说白了,子查询就是把一个SELECT语句的结果,当作另一个SELECT语句的输入。
比如:查出比平均工资高的员工。你得先算平均工资(一个查询),再用这个结果去筛选(另一个查询)。
二、子查询的3种类型
1. 标量子查询(返回单个值)
最简单的子查询,结果只有一行一列,像一个小小的计算器。
-- 查出比平均工资高的员工
SELECT
employee_id,
employee_name,
salary,
department
FROM employees
WHERE salary > (
SELECT AVG(salary)
FROM employees
);
-- 标量子查询也可以用在SELECT里
SELECT
employee_name,
salary,
(SELECT AVG(salary) FROM employees) AS avg_salary,
salary - (SELECT AVG(salary) FROM employees) AS diff_from_avg
FROM employees;
使用场景:跟平均值比、跟总数比、跟最大最小值比——凡是需要"先算一个数,再拿这个数当条件"的,都用标量子查询。
2. 行子查询(返回一行多列)
返回一行,但有多列。
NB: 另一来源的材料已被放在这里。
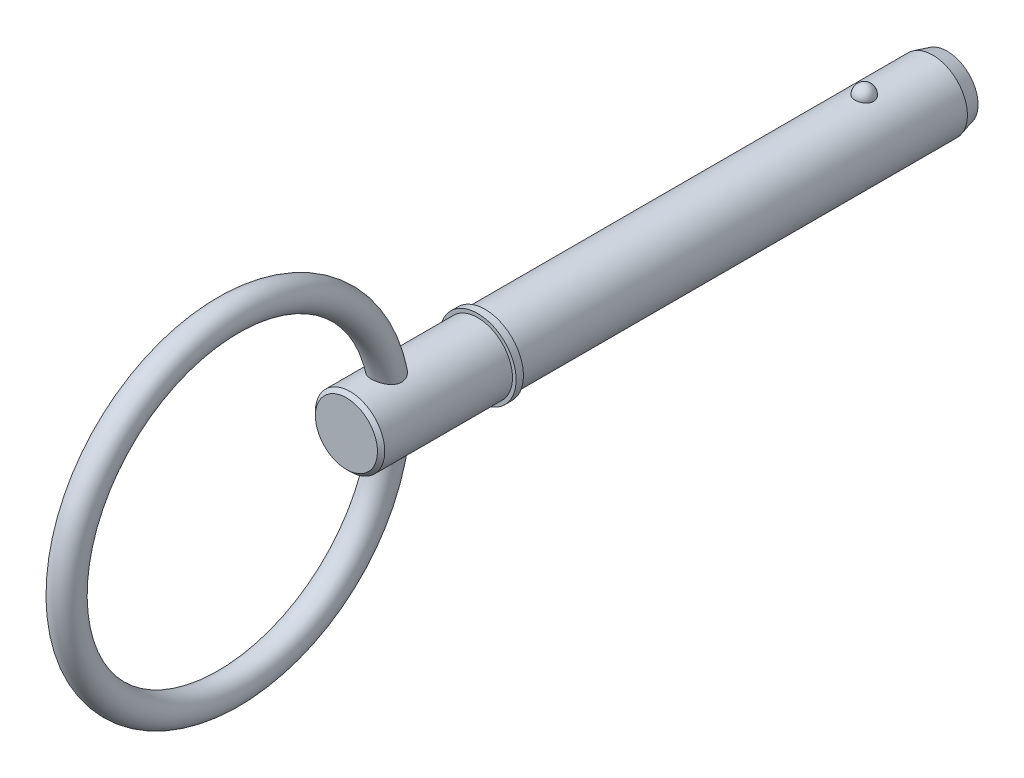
ISO-10303-21;
HEADER;
FILE_DESCRIPTION(('STEP AP214'),'2;1');
FILE_NAME('part.step','',(''),(''),'','','');
FILE_SCHEMA(('AUTOMOTIVE_DESIGN { 1 0 10303 214 1 1 1 1 }'));
ENDSEC;
DATA;
#1=APPLICATION_CONTEXT('core data for automotive mechanical design processes');
#2=APPLICATION_PROTOCOL_DEFINITION('international standard','automotive_design',2000,#1);
#3=PRODUCT_CONTEXT('',#1,'mechanical');
#4=PRODUCT('Part','Part','',(#3));
#5=PRODUCT_RELATED_PRODUCT_CATEGORY('part','',(#4));
#6=PRODUCT_DEFINITION_FORMATION('','',#4);
#7=PRODUCT_DEFINITION_CONTEXT('part definition',#1,'design');
#8=PRODUCT_DEFINITION('design','',#6,#7);
#9=PRODUCT_DEFINITION_SHAPE('','',#8);
#10=(LENGTH_UNIT() NAMED_UNIT(*) SI_UNIT(.MILLI.,.METRE.));
#11=(NAMED_UNIT(*) PLANE_ANGLE_UNIT() SI_UNIT($,.RADIAN.));
#12=(NAMED_UNIT(*) SI_UNIT($,.STERADIAN.) SOLID_ANGLE_UNIT());
#13=UNCERTAINTY_MEASURE_WITH_UNIT(LENGTH_MEASURE(1.E-05),#10,'distance_accuracy_value','');
#14=(GEOMETRIC_REPRESENTATION_CONTEXT(3) GLOBAL_UNCERTAINTY_ASSIGNED_CONTEXT((#13)) GLOBAL_UNIT_ASSIGNED_CONTEXT((#10,
#11,#12)) REPRESENTATION_CONTEXT('',''));
#15=CARTESIAN_POINT('',(0.,0.,0.));
#16=DIRECTION('',(0.,0.,1.));
#17=DIRECTION('',(1.,0.,0.));
#18=AXIS2_PLACEMENT_3D('',#15,#16,#17);
#19=CARTESIAN_POINT('',(0.,0.,50.8));
#20=DIRECTION('',(0.,0.,-1.));
#21=DIRECTION('',(-1.,0.,0.));
#22=AXIS2_PLACEMENT_3D('',#19,#20,#21);
#23=CYLINDRICAL_SURFACE('',#22,4.765);
#24=CARTESIAN_POINT('',(1.27812710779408,4.59038300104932,-1.29));
#25=CARTESIAN_POINT('',(1.27812572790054,4.59038414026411,-1.2178688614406));
#26=CARTESIAN_POINT('',(1.27223018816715,4.59203736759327,-1.14572000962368));
#27=CARTESIAN_POINT('',(1.24878929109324,4.59846646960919,-1.00346315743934));
#28=CARTESIAN_POINT('',(1.23123896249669,4.60324367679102,-0.933356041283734));
#29=CARTESIAN_POINT('',(1.18493861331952,4.61537801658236,-0.797215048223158));
#30=CARTESIAN_POINT('',(1.15619354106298,4.62273400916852,-0.731179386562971));
#31=CARTESIAN_POINT('',(1.08822596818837,4.6392032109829,-0.604986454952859));
#32=CARTESIAN_POINT('',(1.04900384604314,4.64831635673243,-0.544828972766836));
#33=CARTESIAN_POINT('',(0.960865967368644,4.66733302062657,-0.431775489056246));
#34=CARTESIAN_POINT('',(0.911906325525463,4.67723999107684,-0.37891426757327));
#35=CARTESIAN_POINT('',(0.805678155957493,4.69670280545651,-0.282245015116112));
#36=CARTESIAN_POINT('',(0.748409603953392,4.70625864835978,-0.238437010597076));
#37=CARTESIAN_POINT('',(0.627266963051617,4.72392767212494,-0.161207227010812));
#38=CARTESIAN_POINT('',(0.563411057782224,4.73204466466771,-0.127757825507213));
#39=CARTESIAN_POINT('',(0.430755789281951,4.74595788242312,-0.0720471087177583));
#40=CARTESIAN_POINT('',(0.361956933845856,4.75175434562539,-0.0497846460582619));
#41=CARTESIAN_POINT('',(0.222605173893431,4.76030056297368,-0.0173750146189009));
#42=CARTESIAN_POINT('',(0.152101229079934,4.76309991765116,-0.00703038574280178));
#43=CARTESIAN_POINT('',(0.0103009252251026,4.76551622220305,0.00191361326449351));
#44=CARTESIAN_POINT('',(-0.0609953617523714,4.76513345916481,0.000514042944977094));
#45=CARTESIAN_POINT('',(-0.201348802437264,4.76125496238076,-0.0138891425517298));
#46=CARTESIAN_POINT('',(-0.270423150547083,4.75780093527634,-0.0267372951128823));
#47=CARTESIAN_POINT('',(-0.405377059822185,4.74820737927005,-0.0634598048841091));
#48=CARTESIAN_POINT('',(-0.471256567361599,4.74206780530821,-0.0873343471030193));
#49=CARTESIAN_POINT('',(-0.598375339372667,4.72771507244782,-0.14561183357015));
#50=CARTESIAN_POINT('',(-0.659587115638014,4.71949070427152,-0.180071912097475));
#51=CARTESIAN_POINT('',(-0.775356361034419,4.70185936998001,-0.258542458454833));
#52=CARTESIAN_POINT('',(-0.8299131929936,4.69245229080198,-0.302553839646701));
#53=CARTESIAN_POINT('',(-0.931895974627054,4.67327936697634,-0.39982907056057));
#54=CARTESIAN_POINT('',(-0.979176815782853,4.66351011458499,-0.453244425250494));
#55=CARTESIAN_POINT('',(-1.06421220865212,4.64484426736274,-0.567321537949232));
#56=CARTESIAN_POINT('',(-1.10196613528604,4.63594772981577,-0.6279837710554));
#57=CARTESIAN_POINT('',(-1.16735225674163,4.61992036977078,-0.75558557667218));
#58=CARTESIAN_POINT('',(-1.19487251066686,4.61280933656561,-0.822585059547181));
#59=CARTESIAN_POINT('',(-1.23851975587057,4.60128324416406,-0.96041771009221));
#60=CARTESIAN_POINT('',(-1.25464705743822,4.59686811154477,-1.03125077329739));
#61=CARTESIAN_POINT('',(-1.27505790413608,4.59124882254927,-1.17443804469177));
#62=CARTESIAN_POINT('',(-1.27938868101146,4.59003186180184,-1.24678501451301));
#63=CARTESIAN_POINT('',(-1.27623192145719,4.5909105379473,-1.3911989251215));
#64=CARTESIAN_POINT('',(-1.26874468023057,4.59300609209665,-1.46326587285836));
#65=CARTESIAN_POINT('',(-1.24220427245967,4.60025423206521,-1.60473192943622));
#66=CARTESIAN_POINT('',(-1.2232043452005,4.60539274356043,-1.67414176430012));
#67=CARTESIAN_POINT('',(-1.17415910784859,4.61813957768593,-1.80870154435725));
#68=CARTESIAN_POINT('',(-1.1441133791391,4.62574799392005,-1.87385132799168));
#69=CARTESIAN_POINT('',(-1.07354327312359,4.64263368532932,-1.99841604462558));
#70=CARTESIAN_POINT('',(-1.03296580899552,4.65191934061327,-2.05779976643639));
#71=CARTESIAN_POINT('',(-0.942433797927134,4.67110036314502,-2.16881966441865));
#72=CARTESIAN_POINT('',(-0.892478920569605,4.68099575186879,-2.22045556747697));
#73=CARTESIAN_POINT('',(-0.784302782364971,4.70033161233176,-2.31471696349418));
#74=CARTESIAN_POINT('',(-0.726054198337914,4.70977043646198,-2.35731146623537));
#75=CARTESIAN_POINT('',(-0.602997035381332,4.72709995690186,-2.43206620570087));
#76=CARTESIAN_POINT('',(-0.538188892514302,4.73499075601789,-2.46422713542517));
#77=CARTESIAN_POINT('',(-0.404639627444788,4.7482563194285,-2.51687454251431));
#78=CARTESIAN_POINT('',(-0.335953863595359,4.7536596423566,-2.53749415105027));
#79=CARTESIAN_POINT('',(-0.195948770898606,4.76148510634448,-2.56703727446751));
#80=CARTESIAN_POINT('',(-0.124629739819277,4.76390758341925,-2.57596210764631));
#81=CARTESIAN_POINT('',(0.0172696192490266,4.76548774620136,-2.58180339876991));
#82=CARTESIAN_POINT('',(0.0878407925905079,4.76470225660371,-2.57892886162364));
#83=CARTESIAN_POINT('',(0.227467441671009,4.76008019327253,-2.56172603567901));
#84=CARTESIAN_POINT('',(0.296522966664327,4.75624371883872,-2.54739811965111));
#85=CARTESIAN_POINT('',(0.430942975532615,4.74595041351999,-2.50776251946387));
#86=CARTESIAN_POINT('',(0.496319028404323,4.7395023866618,-2.4824917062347));
#87=CARTESIAN_POINT('',(0.621860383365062,4.72467083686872,-2.4216730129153));
#88=CARTESIAN_POINT('',(0.682025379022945,4.71628720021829,-2.38612452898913));
#89=CARTESIAN_POINT('',(0.796409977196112,4.69833598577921,-2.30511163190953));
#90=CARTESIAN_POINT('',(0.850529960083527,4.68875291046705,-2.25951003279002));
#91=CARTESIAN_POINT('',(0.950412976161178,4.66953243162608,-2.15992428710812));
#92=CARTESIAN_POINT('',(0.996174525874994,4.65989501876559,-2.10593865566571));
#93=CARTESIAN_POINT('',(1.07885962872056,4.64145616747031,-1.99009376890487));
#94=CARTESIAN_POINT('',(1.11562789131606,4.63267081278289,-1.92812106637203));
#95=CARTESIAN_POINT('',(1.17840570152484,4.61710269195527,-1.79873681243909));
#96=CARTESIAN_POINT('',(1.20441973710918,4.61031909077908,-1.73132754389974));
#97=CARTESIAN_POINT('',(1.24242116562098,4.60021170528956,-1.60192906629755));
#98=CARTESIAN_POINT('',(1.25578772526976,4.59655387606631,-1.54036674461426));
#99=CARTESIAN_POINT('',(1.27364121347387,4.59163904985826,-1.41587409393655));
#100=CARTESIAN_POINT('',(1.2781283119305,4.59038200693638,-1.35294379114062));
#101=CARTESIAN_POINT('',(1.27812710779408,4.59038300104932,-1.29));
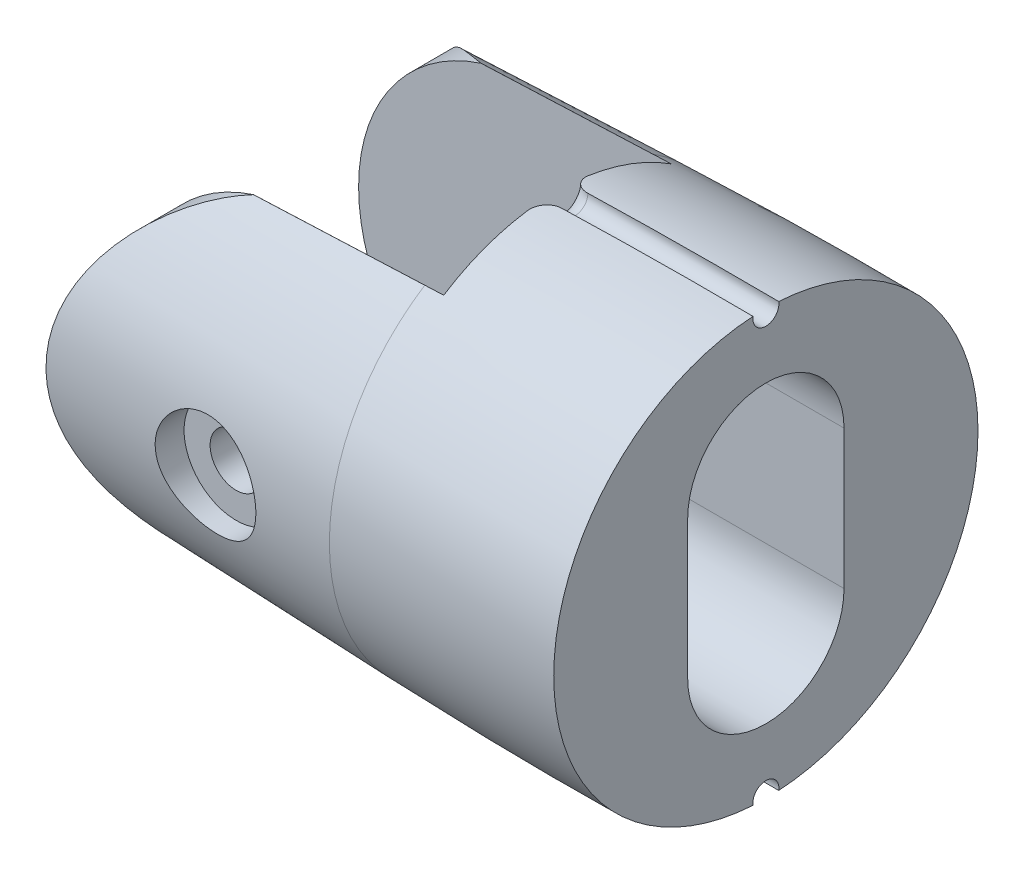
ISO-10303-21;
HEADER;
FILE_DESCRIPTION(('STEP AP214'),'2;1');
FILE_NAME('part.step','',(''),(''),'','','');
FILE_SCHEMA(('AUTOMOTIVE_DESIGN { 1 0 10303 214 1 1 1 1 }'));
ENDSEC;
DATA;
#1=APPLICATION_CONTEXT('core data for automotive mechanical design processes');
#2=APPLICATION_PROTOCOL_DEFINITION('international standard','automotive_design',2000,#1);
#3=PRODUCT_CONTEXT('',#1,'mechanical');
#4=PRODUCT('Part','Part','',(#3));
#5=PRODUCT_RELATED_PRODUCT_CATEGORY('part','',(#4));
#6=PRODUCT_DEFINITION_FORMATION('','',#4);
#7=PRODUCT_DEFINITION_CONTEXT('part definition',#1,'design');
#8=PRODUCT_DEFINITION('design','',#6,#7);
#9=PRODUCT_DEFINITION_SHAPE('','',#8);
#10=(LENGTH_UNIT() NAMED_UNIT(*) SI_UNIT(.MILLI.,.METRE.));
#11=(NAMED_UNIT(*) PLANE_ANGLE_UNIT() SI_UNIT($,.RADIAN.));
#12=(NAMED_UNIT(*) SI_UNIT($,.STERADIAN.) SOLID_ANGLE_UNIT());
#13=UNCERTAINTY_MEASURE_WITH_UNIT(LENGTH_MEASURE(1.E-05),#10,'distance_accuracy_value','');
#14=(GEOMETRIC_REPRESENTATION_CONTEXT(3) GLOBAL_UNCERTAINTY_ASSIGNED_CONTEXT((#13)) GLOBAL_UNIT_ASSIGNED_CONTEXT((#10,
#11,#12)) REPRESENTATION_CONTEXT('',''));
#15=CARTESIAN_POINT('',(0.,0.,0.));
#16=DIRECTION('',(0.,0.,1.));
#17=DIRECTION('',(1.,0.,0.));
#18=AXIS2_PLACEMENT_3D('',#15,#16,#17);
#19=CARTESIAN_POINT('',(-2.62045474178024,0.,0.));
#20=DIRECTION('',(-1.,0.,0.));
#21=DIRECTION('',(0.,0.,1.));
#22=AXIS2_PLACEMENT_3D('',#19,#20,#21);
#23=DEGENERATE_TOROIDAL_SURFACE('',#22,287.774371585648,300.,.F.);
#24=CARTESIAN_POINT('',(13.0805321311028,-11.7940897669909,0.693790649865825));
#25=CARTESIAN_POINT('',(12.830909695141,-11.8068856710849,0.699041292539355));
#26=CARTESIAN_POINT('',(12.5812624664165,-11.8193980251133,0.703769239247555));
#27=CARTESIAN_POINT('',(12.0819274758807,-11.8438493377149,0.712312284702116));
#28=CARTESIAN_POINT('',(11.8322397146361,-11.8557883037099,0.716127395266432));
#29=CARTESIAN_POINT('',(11.083081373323,-11.8907379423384,0.726402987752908));
#30=CARTESIAN_POINT('',(10.5835538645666,-11.9128793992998,0.731692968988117));
#31=CARTESIAN_POINT('',(9.58438012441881,-11.9548012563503,0.739957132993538));
#32=CARTESIAN_POINT('',(9.0847338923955,-11.9745816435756,0.742931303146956));
#33=CARTESIAN_POINT('',(7.58561586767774,-12.0303237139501,0.749364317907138));
#34=CARTESIAN_POINT('',(6.5859973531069,-12.0626847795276,0.750333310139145));
#35=CARTESIAN_POINT('',(4.77317724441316,-12.1124362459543,0.749578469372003));
#36=CARTESIAN_POINT('',(3.96001967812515,-12.1314937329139,0.748323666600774));
#37=CARTESIAN_POINT('',(2.33357283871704,-12.1630026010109,0.745446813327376));
#38=CARTESIAN_POINT('',(1.5202835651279,-12.1754539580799,0.743824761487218));
#39=CARTESIAN_POINT('',(-0.10636365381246,-12.1936883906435,0.741230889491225));
#40=CARTESIAN_POINT('',(-0.919721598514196,-12.1994715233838,0.740259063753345));
#41=CARTESIAN_POINT('',(-2.54645668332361,-12.2043410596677,0.739451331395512));
#42=CARTESIAN_POINT('',(-3.35983382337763,-12.2034274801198,0.739615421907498));
#43=CARTESIAN_POINT('',(-4.8255625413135,-12.1957516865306,0.740858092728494));
#44=CARTESIAN_POINT('',(-5.47792084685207,-12.1901828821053,0.741749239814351));
#45=CARTESIAN_POINT('',(-6.78258587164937,-12.1747587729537,0.743897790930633));
#46=CARTESIAN_POINT('',(-7.43489259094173,-12.164903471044,0.745155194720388));
#47=CARTESIAN_POINT('',(-8.73942860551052,-12.1409368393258,0.747534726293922));
#48=CARTESIAN_POINT('',(-9.39165790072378,-12.1268255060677,0.748656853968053));
#49=CARTESIAN_POINT('',(-10.6960130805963,-12.0943946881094,0.750007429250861));
#50=CARTESIAN_POINT('',(-11.3481389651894,-12.0760752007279,0.750235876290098));
#51=CARTESIAN_POINT('',(-12.0002,-12.0556755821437,0.749638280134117));
#52=B_SPLINE_CURVE_WITH_KNOTS('',3,(#24,#25,#26,#27,#28,#29,#30,#31,#32,#33,#34,#35,#36,#37,#38,
#39,#40,#41,#42,#43,#44,#45,#46,#47,#48,#49,#50,#51),.UNSPECIFIED.,.F.,.F.,(4,2,2,2,2,2,2,2,2,2,
2,2,2,4),(0.,0.750014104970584,1.50001849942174,3.00014184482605,4.50027336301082,
7.50063432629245,9.94075605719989,12.3808866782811,14.8209963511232,17.2610998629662,
19.2182341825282,21.1753672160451,23.1325018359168,25.0896377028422),.UNSPECIFIED.);
#53=CARTESIAN_POINT('',(-2.2034205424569E-11,-12.1916561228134,0.741485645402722));
#54=VERTEX_POINT('',#53);
#55=CARTESIAN_POINT('',(-11.,-12.0853296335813,0.749973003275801));
#56=VERTEX_POINT('',#55);
#57=EDGE_CURVE('E408',#54,#56,#52,.T.);
#58=ORIENTED_EDGE('',*,*,#57,.F.);
#59=CARTESIAN_POINT('',(0.,0.,0.));
#60=DIRECTION('',(1.,0.,0.));
#61=DIRECTION('',(0.,0.,-1.));
#62=AXIS2_PLACEMENT_3D('',#59,#60,#61);
#63=CIRCLE('',#62,12.2141835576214);
#64=CARTESIAN_POINT('',(0.,12.1916561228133,0.741485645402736));
#65=VERTEX_POINT('',#64);
#66=EDGE_CURVE('E50',#54,#65,#63,.F.);
#67=ORIENTED_EDGE('',*,*,#66,.T.);
#68=CARTESIAN_POINT('',(-12.0002,12.055675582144,0.749638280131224));
#69=CARTESIAN_POINT('',(-11.7503213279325,12.0634920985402,0.749880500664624));
#70=CARTESIAN_POINT('',(-11.5004331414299,12.0710037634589,0.749992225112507));
#71=CARTESIAN_POINT('',(-11.0006386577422,12.0854140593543,0.75000701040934));
#72=CARTESIAN_POINT('',(-10.750732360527,12.0923126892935,0.749910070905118));
#73=CARTESIAN_POINT('',(-10.0009631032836,12.1120846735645,0.749384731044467));
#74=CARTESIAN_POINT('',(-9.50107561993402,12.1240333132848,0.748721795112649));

通常用在WHERE里,配合行构造器使用。
-- 查出和"张三"同一部门同一职位的员工
SELECT employee_id, employee_name, department, position
FROM employees
WHERE (department, position) = (
SELECT department, position
FROM employees
WHERE employee_name = '张三'
)
AND employee_name != '张三';
使用场景:找"跟某人条件一模一样"的记录——部门+职位、城市+岗位,这种组合条件匹配。
3. 表子查询(返回多行多列)
最灵活的子查询,返回一张"临时表"。常用在IN、EXISTS、FROM子句里。
-- IN子查询:查出有下单记录的客户
SELECT customer_id, customer_name
FROM customers
WHERE customer_id IN (
SELECT DISTINCT customer_id
FROM orders
);
-- EXISTS子查询:效果一样,但大数据量更优
SELECT customer_id, customer_name
FROM customers c
WHERE EXISTS (
SELECT 1
FROM orders o
WHERE o.customer_id = c.customer_id
);
-- FROM子查询(派生表):查出每个部门的最高薪员工
SELECT e.department, e.employee_name, e.salary
FROM employees e
INNER JOIN (
SELECT department, MAX(salary) AS max_salary
FROM employees
GROUP BY department
) dept_max ON e.department = dept_max.department
AND e.salary = dept_max.max_salary;
IN vs EXISTS 怎么选?
小数据集用IN,大数据集用EXISTS。IN是先执行子查询再匹配,EXISTS是逐行检查是否存在——数据量大时EXISTS往往更快,因为找到一条就停。
三、CTE:子查询的"优雅替身"
子查询嵌套3层以上,代码就很难读了。CTE(Common Table Expression)就是来解决这个问题的。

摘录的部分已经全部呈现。